Someone —not the post— delivered two bailiff’s writs to our house, addressed to the Turkish mutual-help association and the Kurdish ditto. I’m not the [whatever] mutual-help association, but that’s far from obvious for someone who doesn’t know this part of town well: they used to reside in a building that’s currently being renovated, about a hundred meters up the street. Their address was No. 11 Something Street, and ours is No. 11 Short Something Street. On top of that, our house is immediately obvious as it’s in a little square (well, triangle), and theirs, big though it is, lurks in the middle of a narrow street. Also, the fact that our house is literally on top of the clearly-marked Russian Orthodox Church could have led the delivery person to think “ah, foreigners, yes, here it is”, never thinking any further. It used to happen a lot more often, and I used to deliver mail to the right place every now and again, but I know that the [whatever] mutual-help associations aren’t using the building any more. In fact I suspect that they have ceased to exist.
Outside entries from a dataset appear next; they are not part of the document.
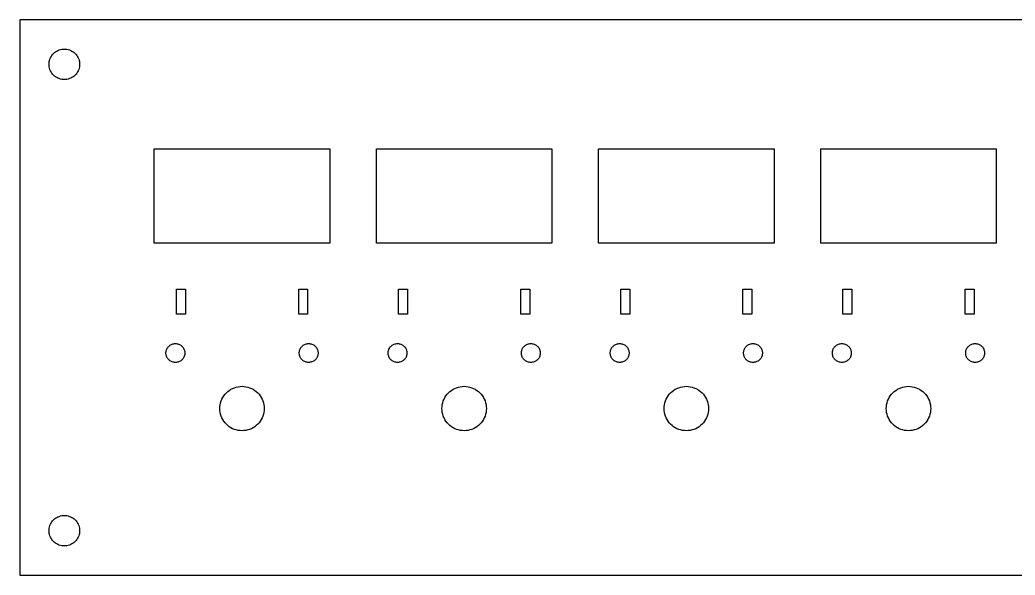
# Model space of a CAD drawing. Header units: metres. Extents: x 0 to 680, y 0 to 100.
# Drawn here: x 0 to 179.2, y 0 to 100 of the extents above; entities that cross this region are included whole.
import ezdxf

# ---------------------------------------------------------------- set-up
doc = ezdxf.new("R2010")
doc.units = ezdxf.units.M

msp = doc.modelspace()

# ---------------------------------------------------------------- linework, layer by layer
for p, q in [((680, 100), (0, 100)), ((0, 100), (0, 0)), ((5.50764, 93.1622), (5.61842, 93.375)), ((5.61842, 93.375), (5.74733, 93.5773)), ((5.74733, 93.5773), (5.89337, 93.7677)), ((5.89337, 93.7677), (6.05545, 93.9445)), ((6.05545, 93.9445), (6.23233, 94.1066)), ((6.23233, 94.1066), (6.42265, 94.2527)), ((6.42265, 94.2527), (6.625, 94.3816)), ((6.625, 94.3816), (6.8378, 94.4923)), ((6.8378, 94.4923), (7.05943, 94.5842)), ((7.05943, 94.5842), (7.28824, 94.6563)), ((7.28824, 94.6563), (7.52246, 94.7082)), ((7.52246, 94.7082), (7.76031, 94.7395)), ((7.76031, 94.7395), (8, 94.75)), ((8, 94.75), (8.23967, 94.7395)), ((8.23967, 94.7395), (8.47752, 94.7082)), ((8.47752, 94.7082), (8.71175, 94.6563)), ((8.71175, 94.6563), (8.94055, 94.5842)), ((8.94055, 94.5842), (9.16219, 94.4923)), ((9.16219, 94.4923), (9.375, 94.3816)), ((9.375, 94.3816), (9.57733, 94.2527)), ((9.57733, 94.2527), (9.76765, 94.1066)), ((9.76765, 94.1066), (9.94453, 93.9445)), ((9.94453, 93.9445), (10.1066, 93.7677)), ((10.1066, 93.7677), (10.2527, 93.5773)), ((10.2527, 93.5773), (10.3816, 93.375)), ((10.3816, 93.375), (10.4923, 93.1622)), ((5.25, 92), (5.26045, 92.2397)), ((5.26045, 91.7603), (5.25, 92)), ((5.26045, 92.2397), (5.29178, 92.4775)), ((5.29178, 91.5225), (5.26045, 91.7603)), ((5.29178, 92.4775), (5.34369, 92.7117)), ((5.34369, 91.2882), (5.29178, 91.5225)), ((5.34369, 92.7117), (5.41583, 92.9406)), ((5.41583, 92.9406), (5.50764, 93.1622)), ((10.4923, 93.1622), (10.5842, 92.9406)), ((10.5842, 92.9406), (10.6563, 92.7117)), ((10.6563, 92.7117), (10.7082, 92.4775)), ((10.7082, 91.5225), (10.6563, 91.2882)), ((10.7082, 92.4775), (10.7395, 92.2397)), ((10.7395, 91.7603), (10.7082, 91.5225)), ((10.7395, 92.2397), (10.75, 92)), ((10.75, 92), (10.7395, 91.7603)), ((5.41583, 91.0594), (5.34369, 91.2882)), ((5.50764, 90.8378), (5.41583, 91.0594)), ((5.61842, 90.625), (5.50764, 90.8378)), ((5.74733, 90.4227), (5.61842, 90.625)), ((5.89337, 90.2323), (5.74733, 90.4227)), ((6.05545, 90.0555), (5.89337, 90.2323)), ((6.23233, 89.8934), (6.05545, 90.0555)), ((6.42265, 89.7473), (6.23233, 89.8934)), ((6.625, 89.6184), (6.42265, 89.7473)), ((6.8378, 89.5076), (6.625, 89.6184)), ((9.375, 89.6184), (9.16219, 89.5076)), ((9.57733, 89.7473), (9.375, 89.6184)), ((9.76765, 89.8934), (9.57733, 89.7473)), ((9.94453, 90.0555), (9.76765, 89.8934)), ((10.1066, 90.2323), (9.94453, 90.0555)), ((10.2527, 90.4227), (10.1066, 90.2323)), ((10.3816, 90.625), (10.2527, 90.4227)), ((10.4923, 90.8378), (10.3816, 90.625)), ((10.5842, 91.0594), (10.4923, 90.8378)), ((10.6563, 91.2882), (10.5842, 91.0594)), ((7.05943, 89.4158), (6.8378, 89.5076)), ((7.28824, 89.3437), (7.05943, 89.4158)), ((7.52246, 89.2918), (7.28824, 89.3437)), ((7.76031, 89.2605), (7.52246, 89.2918)), ((8, 89.25), (7.76031, 89.2605)), ((8.23967, 89.2605), (8, 89.25)), ((8.47752, 89.2918), (8.23967, 89.2605)), ((8.71175, 89.3437), (8.47752, 89.2918)), ((8.94055, 89.4158), (8.71175, 89.3437)), ((9.16219, 89.5076), (8.94055, 89.4158)), ((24.2, 59.8), (24.2, 76.8)), ((24.2, 76.8), (55.8, 76.8)), ((55.8, 76.8), (55.8, 59.8)), ((64.2, 59.8), (64.2, 76.8)), ((64.2, 76.8), (95.8, 76.8)), ((95.8, 76.8), (95.8, 59.8)), ((104.2, 59.8), (104.2, 76.8)), ((104.2, 76.8), (135.8, 76.8)), ((135.8, 76.8), (135.8, 59.8)), ((144.2, 59.8), (144.2, 76.8)), ((144.2, 76.8), (175.8, 76.8)), ((175.8, 76.8), (175.8, 59.8)), ((55.8, 59.8), (24.2, 59.8)), ((95.8, 59.8), (64.2, 59.8)), ((135.8, 59.8), (104.2, 59.8)), ((175.8, 59.8), (144.2, 59.8)), ((28.2, 47), (28.2, 51.5)), ((28.2, 51.5), (29.8, 51.5)), ((29.8, 51.5), (29.8, 47)), ((50.2, 47), (50.2, 51.5)), ((50.2, 51.5), (51.8, 51.5)), ((51.8, 51.5), (51.8, 47)), ((68.2, 47), (68.2, 51.5)), ((68.2, 51.5), (69.8, 51.5)), ((69.8, 51.5), (69.8, 47)), ((90.2, 47), (90.2, 51.5)), ((90.2, 51.5), (91.8, 51.5)), ((91.8, 51.5), (91.8, 47)), ((108.2, 47), (108.2, 51.5)), ((108.2, 51.5), (109.8, 51.5)), ((109.8, 51.5), (109.8, 47)), ((130.2, 47), (130.2, 51.5)), ((130.2, 51.5), (131.8, 51.5)), ((131.8, 51.5), (131.8, 47)), ((148.2, 47), (148.2, 51.5)), ((148.2, 51.5), (149.8, 51.5)), ((149.8, 51.5), (149.8, 47)), ((170.2, 47), (170.2, 51.5)), ((170.2, 51.5), (171.8, 51.5)), ((171.8, 51.5), (171.8, 47)), ((29.8, 47), (28.2, 47)), ((51.8, 47), (50.2, 47)), ((69.8, 47), (68.2, 47)), ((91.8, 47), (90.2, 47)), ((109.8, 47), (108.2, 47)), ((131.8, 47), (130.2, 47)), ((149.8, 47), (148.2, 47)), ((171.8, 47), (170.2, 47)), ((26.7979, 41.2021), (26.9073, 41.3023)), ((26.9073, 41.3023), (27.0249, 41.3926)), ((27.0249, 41.3926), (27.15, 41.4722)), ((27.15, 41.4722), (27.2816, 41.5407)), ((27.2816, 41.5407), (27.4186, 41.5975)), ((27.4186, 41.5975), (27.56, 41.6421)), ((27.56, 41.6421), (27.7048, 41.6742)), ((27.7048, 41.6742), (27.8518, 41.6935)), ((27.8518, 41.6935), (28, 41.7)), ((28, 41.7), (28.1482, 41.6935)), ((28.1482, 41.6935), (28.2952, 41.6742)), ((28.2952, 41.6742), (28.44, 41.6421)), ((28.44, 41.6421), (28.5814, 41.5975)), ((28.5814, 41.5975), (28.7185, 41.5407)), ((28.7185, 41.5407), (28.85, 41.4722)), ((28.85, 41.4722), (28.9751, 41.3926)), ((28.9751, 41.3926), (29.0927, 41.3023)), ((29.0927, 41.3023), (29.2021, 41.2021)), ((50.7979, 41.2021), (50.9073, 41.3023)), ((50.9073, 41.3023), (51.0249, 41.3926)), ((51.0249, 41.3926), (51.15, 41.4722)), ((51.15, 41.4722), (51.2815, 41.5407)), ((51.2815, 41.5407), (51.4186, 41.5975)), ((51.4186, 41.5975), (51.56, 41.6421)), ((51.56, 41.6421), (51.7048, 41.6742)), ((51.7048, 41.6742), (51.8518, 41.6935)), ((51.8518, 41.6935), (52, 41.7)), ((52, 41.7), (52.1482, 41.6935)), ((52.1482, 41.6935), (52.2952, 41.6742)), ((52.2952, 41.6742), (52.44, 41.6421)), ((52.44, 41.6421), (52.5814, 41.5975)), ((52.5814, 41.5975), (52.7184, 41.5407)), ((52.7184, 41.5407), (52.85, 41.4722)), ((52.85, 41.4722), (52.9751, 41.3926)), ((52.9751, 41.3926), (53.0927, 41.3023)), ((53.0927, 41.3023), (53.2021, 41.2021)), ((66.7979, 41.2021), (66.9073, 41.3023)), ((66.9073, 41.3023), (67.0249, 41.3926)), ((67.0249, 41.3926), (67.15, 41.4722)), ((67.15, 41.4722), (67.2816, 41.5407)), ((67.2816, 41.5407), (67.4186, 41.5975)), ((67.4186, 41.5975), (67.56, 41.6421)), ((67.56, 41.6421), (67.7048, 41.6742)), ((67.7048, 41.6742), (67.8518, 41.6935)), ((67.8518, 41.6935), (68, 41.7)), ((68, 41.7), (68.1482, 41.6935)), ((68.1482, 41.6935), (68.2952, 41.6742)), ((68.2952, 41.6742), (68.44, 41.6421)), ((68.44, 41.6421), (68.5814, 41.5975)), ((68.5814, 41.5975), (68.7185, 41.5407)), ((68.7185, 41.5407), (68.85, 41.4722)), ((68.85, 41.4722), (68.9751, 41.3926)), ((68.9751, 41.3926), (69.0927, 41.3023)), ((69.0927, 41.3023), (69.2021, 41.2021)), ((90.7979, 41.2021), (90.9073, 41.3023)), ((90.9073, 41.3023), (91.0249, 41.3926)), ((91.0249, 41.3926), (91.15, 41.4722)), ((91.15, 41.4722), (91.2815, 41.5407)), ((91.2815, 41.5407), (91.4186, 41.5975)), ((91.4186, 41.5975), (91.56, 41.6421)), ((91.56, 41.6421), (91.7048, 41.6742)), ((91.7048, 41.6742), (91.8518, 41.6935)), ((91.8518, 41.6935), (92, 41.7)), ((92, 41.7), (92.1482, 41.6935)), ((92.1482, 41.6935), (92.2952, 41.6742)), ((92.2952, 41.6742), (92.44, 41.6421)), ((92.44, 41.6421), (92.5814, 41.5975)), ((92.5814, 41.5975), (92.7184, 41.5407)), ((92.7184, 41.5407), (92.85, 41.4722)), ((92.85, 41.4722), (92.9751, 41.3926)), ((92.9751, 41.3926), (93.0927, 41.3023)), ((93.0927, 41.3023), (93.2021, 41.2021)), ((106.798, 41.2021), (106.907, 41.3023)), ((106.907, 41.3023), (107.025, 41.3926)), ((107.025, 41.3926), (107.15, 41.4722)), ((107.15, 41.4722), (107.282, 41.5407)), ((107.282, 41.5407), (107.419, 41.5975)), ((107.419, 41.5975), (107.56, 41.6421)), ((107.56, 41.6421), (107.705, 41.6742)), ((107.705, 41.6742), (107.852, 41.6935)), ((107.852, 41.6935), (108, 41.7)), ((108, 41.7), (108.148, 41.6935)), ((108.148, 41.6935), (108.295, 41.6742)), ((108.295, 41.6742), (108.44, 41.6421)), ((108.44, 41.6421), (108.581, 41.5975)), ((108.581, 41.5975), (108.718, 41.5407)), ((108.718, 41.5407), (108.85, 41.4722)), ((108.85, 41.4722), (108.975, 41.3926)), ((108.975, 41.3926), (109.093, 41.3023)), ((109.093, 41.3023), (109.202, 41.2021)), ((130.798, 41.2021), (130.907, 41.3023)), ((130.907, 41.3023), (131.025, 41.3926)), ((131.025, 41.3926), (131.15, 41.4722)), ((131.15, 41.4722), (131.282, 41.5407)), ((131.282, 41.5407), (131.419, 41.5975)), ((131.419, 41.5975), (131.56, 41.6421)), ((131.56, 41.6421), (131.705, 41.6742)), ((131.705, 41.6742), (131.852, 41.6935)), ((131.852, 41.6935), (132, 41.7)), ((132, 41.7), (132.148, 41.6935)), ((132.148, 41.6935), (132.295, 41.6742)), ((132.295, 41.6742), (132.44, 41.6421)), ((132.44, 41.6421), (132.581, 41.5975)), ((132.581, 41.5975), (132.718, 41.5407)), ((132.718, 41.5407), (132.85, 41.4722)), ((132.85, 41.4722), (132.975, 41.3926)), ((132.975, 41.3926), (133.093, 41.3023)), ((133.093, 41.3023), (133.202, 41.2021)), ((146.798, 41.2021), (146.907, 41.3023)), ((146.907, 41.3023), (147.025, 41.3926)), ((147.025, 41.3926), (147.15, 41.4722)), ((147.15, 41.4722), (147.282, 41.5407)), ((147.282, 41.5407), (147.419, 41.5975)), ((147.419, 41.5975), (147.56, 41.6421)), ((147.56, 41.6421), (147.705, 41.6742)), ((147.705, 41.6742), (147.852, 41.6935)), ((147.852, 41.6935), (148, 41.7)), ((148, 41.7), (148.148, 41.6935)), ((148.148, 41.6935), (148.295, 41.6742)), ((148.295, 41.6742), (148.44, 41.6421)), ((148.44, 41.6421), (148.581, 41.5975)), ((148.581, 41.5975), (148.718, 41.5407)), ((148.718, 41.5407), (148.85, 41.4722)), ((148.85, 41.4722), (148.975, 41.3926)), ((148.975, 41.3926), (149.093, 41.3023)), ((149.093, 41.3023), (149.202, 41.2021)), ((170.798, 41.2021), (170.907, 41.3023)), ((170.907, 41.3023), (171.025, 41.3926)), ((171.025, 41.3926), (171.15, 41.4722)), ((171.15, 41.4722), (171.282, 41.5407)), ((171.282, 41.5407), (171.419, 41.5975)), ((171.419, 41.5975), (171.56, 41.6421)), ((171.56, 41.6421), (171.705, 41.6742)), ((171.705, 41.6742), (171.852, 41.6935)), ((171.852, 41.6935), (172, 41.7)), ((172, 41.7), (172.148, 41.6935)), ((172.148, 41.6935), (172.295, 41.6742)), ((172.295, 41.6742), (172.44, 41.6421)), ((172.44, 41.6421), (172.581, 41.5975)), ((172.581, 41.5975), (172.718, 41.5407)), ((172.718, 41.5407), (172.85, 41.4722)), ((172.85, 41.4722), (172.975, 41.3926)), ((172.975, 41.3926), (173.093, 41.3023)), ((173.093, 41.3023), (173.202, 41.2021)), ((26.3, 40), (26.3065, 40.1482)), ((26.3065, 39.8518), (26.3, 40)), ((26.3065, 40.1482), (26.3258, 40.2952)), ((26.3258, 39.7048), (26.3065, 39.8518)), ((26.3258, 40.2952), (26.3579, 40.44)), ((26.3579, 39.56), (26.3258, 39.7048)), ((26.3579, 40.44), (26.4025, 40.5814)), ((26.4025, 39.4186), (26.3579, 39.56)), ((26.4025, 40.5814), (26.4593, 40.7185)), ((26.4593, 40.7185), (26.5278, 40.85)), ((26.5278, 40.85), (26.6075, 40.9751)), ((26.6075, 40.9751), (26.6977, 41.0927)), ((26.6977, 41.0927), (26.7979, 41.2021)), ((29.2021, 41.2021), (29.3023, 41.0927)), ((29.3023, 41.0927), (29.3926, 40.9751)), ((29.3926, 40.9751), (29.4722, 40.85)), ((29.4722, 40.85), (29.5407, 40.7185)), ((29.5407, 40.7185), (29.5975, 40.5814)), ((29.5975, 40.5814), (29.6421, 40.44)), ((29.6421, 39.56), (29.5975, 39.4186)), ((29.6421, 40.44), (29.6742, 40.2952)), ((29.6742, 39.7048), (29.6421, 39.56)), ((29.6742, 40.2952), (29.6935, 40.1482)), ((29.6935, 39.8518), (29.6742, 39.7048)), ((29.6935, 40.1482), (29.7, 40)), ((29.7, 40), (29.6935, 39.8518)), ((50.3, 40), (50.3065, 40.1482)), ((50.3065, 39.8518), (50.3, 40)), ((50.3065, 40.1482), (50.3258, 40.2952)), ((50.3258, 39.7048), (50.3065, 39.8518)), ((50.3258, 40.2952), (50.3579, 40.44)), ((50.3579, 39.56), (50.3258, 39.7048)), ((50.3579, 40.44), (50.4025, 40.5814)), ((50.4025, 39.4186), (50.3579, 39.56)), ((50.4025, 40.5814), (50.4593, 40.7185)), ((50.4593, 40.7185), (50.5278, 40.85)), ((50.5278, 40.85), (50.6074, 40.9751)), ((50.6074, 40.9751), (50.6977, 41.0927)), ((50.6977, 41.0927), (50.7979, 41.2021)), ((53.2021, 41.2021), (53.3023, 41.0927)), ((53.3023, 41.0927), (53.3925, 40.9751)), ((53.3925, 40.9751), (53.4722, 40.85)), ((53.4722, 40.85), (53.5407, 40.7185)), ((53.5407, 40.7185), (53.5975, 40.5814)), ((53.5975, 40.5814), (53.6421, 40.44)), ((53.6421, 39.56), (53.5975, 39.4186)), ((53.6421, 40.44), (53.6742, 40.2952)), ((53.6742, 39.7048), (53.6421, 39.56)), ((53.6742, 40.2952), (53.6935, 40.1482)), ((53.6935, 39.8518), (53.6742, 39.7048)), ((53.6935, 40.1482), (53.7, 40)), ((53.7, 40), (53.6935, 39.8518)), ((66.3, 40), (66.3065, 40.1482)), ((66.3065, 39.8518), (66.3, 40)), ((66.3065, 40.1482), (66.3258, 40.2952)), ((66.3258, 39.7048), (66.3065, 39.8518)), ((66.3258, 40.2952), (66.3579, 40.44)), ((66.3579, 39.56), (66.3258, 39.7048)), ((66.3579, 40.44), (66.4025, 40.5814)), ((66.4025, 39.4186), (66.3579, 39.56)), ((66.4025, 40.5814), (66.4593, 40.7185)), ((66.4593, 40.7185), (66.5278, 40.85)), ((66.5278, 40.85), (66.6075, 40.9751)), ((66.6075, 40.9751), (66.6977, 41.0927)), ((66.6977, 41.0927), (66.7979, 41.2021)), ((69.2021, 41.2021), (69.3023, 41.0927)), ((69.3023, 41.0927), (69.3926, 40.9751)), ((69.3926, 40.9751), (69.4722, 40.85)), ((69.4722, 40.85), (69.5407, 40.7185)), ((69.5407, 40.7185), (69.5975, 40.5814)), ((69.5975, 40.5814), (69.6421, 40.44)), ((69.6421, 39.56), (69.5975, 39.4186)), ((69.6421, 40.44), (69.6742, 40.2952)), ((69.6742, 39.7048), (69.6421, 39.56)), ((69.6742, 40.2952), (69.6935, 40.1482)), ((69.6935, 39.8518), (69.6742, 39.7048)), ((69.6935, 40.1482), (69.7, 40)), ((69.7, 40), (69.6935, 39.8518)), ((90.3, 40), (90.3065, 40.1482)), ((90.3065, 39.8518), (90.3, 40)), ((90.3065, 40.1482), (90.3258, 40.2952)), ((90.3258, 39.7048), (90.3065, 39.8518)), ((90.3258, 40.2952), (90.3579, 40.44)), ((90.3579, 39.56), (90.3258, 39.7048)), ((90.3579, 40.44), (90.4025, 40.5814)), ((90.4025, 39.4186), (90.3579, 39.56)), ((90.4025, 40.5814), (90.4593, 40.7185)), ((90.4593, 40.7185), (90.5278, 40.85)), ((90.5278, 40.85), (90.6074, 40.9751)), ((90.6074, 40.9751), (90.6977, 41.0927)), ((90.6977, 41.0927), (90.7979, 41.2021)), ((93.2021, 41.2021), (93.3023, 41.0927)), ((93.3023, 41.0927), (93.3925, 40.9751)), ((93.3925, 40.9751), (93.4722, 40.85)), ((93.4722, 40.85), (93.5407, 40.7185)), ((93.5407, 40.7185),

I was about to return-to-sender when I noticed that “sender” had ten different addresses, printed in 5-point 30% grey type on the back of the envelope. I didn’t want to do that to an innocent postie, and I didn’t want to stick rather a lot of postage on an envelope big enough to stuff the two big heavy letters in. So I called the number, the same for all addresses— first time ever that I’ve called an 088 number. First time ever, too, that a phone queue has told me “You are next” after “One person waiting ahead of you”— I’ve always wondered whether that one person was in fact me or really the person ahead of me. After that, though, I got a veritable sampler of on-hold noises, about four minutes, until a human came on the line.
I told her what had happened and gave her my address and the address on the envelope, stressing that they were different addresses, because an actual bailiff at the door would scare me witless, even if I can prove that I’m not the Turkish and Kurdish mutual-help associations so I don’t have to pay their overdue bills. She noted it all down and said I could do whatever I wanted with the writs, so I tore them to pieces and put them in the recycling box.
Not before I’d read one, though: it was a summons to pay Chamber of Commerce dues. I rather think the Turkish and Kurdish mutual-help associations forgot to tell the Chamber of Commerce that they don’t exist any more.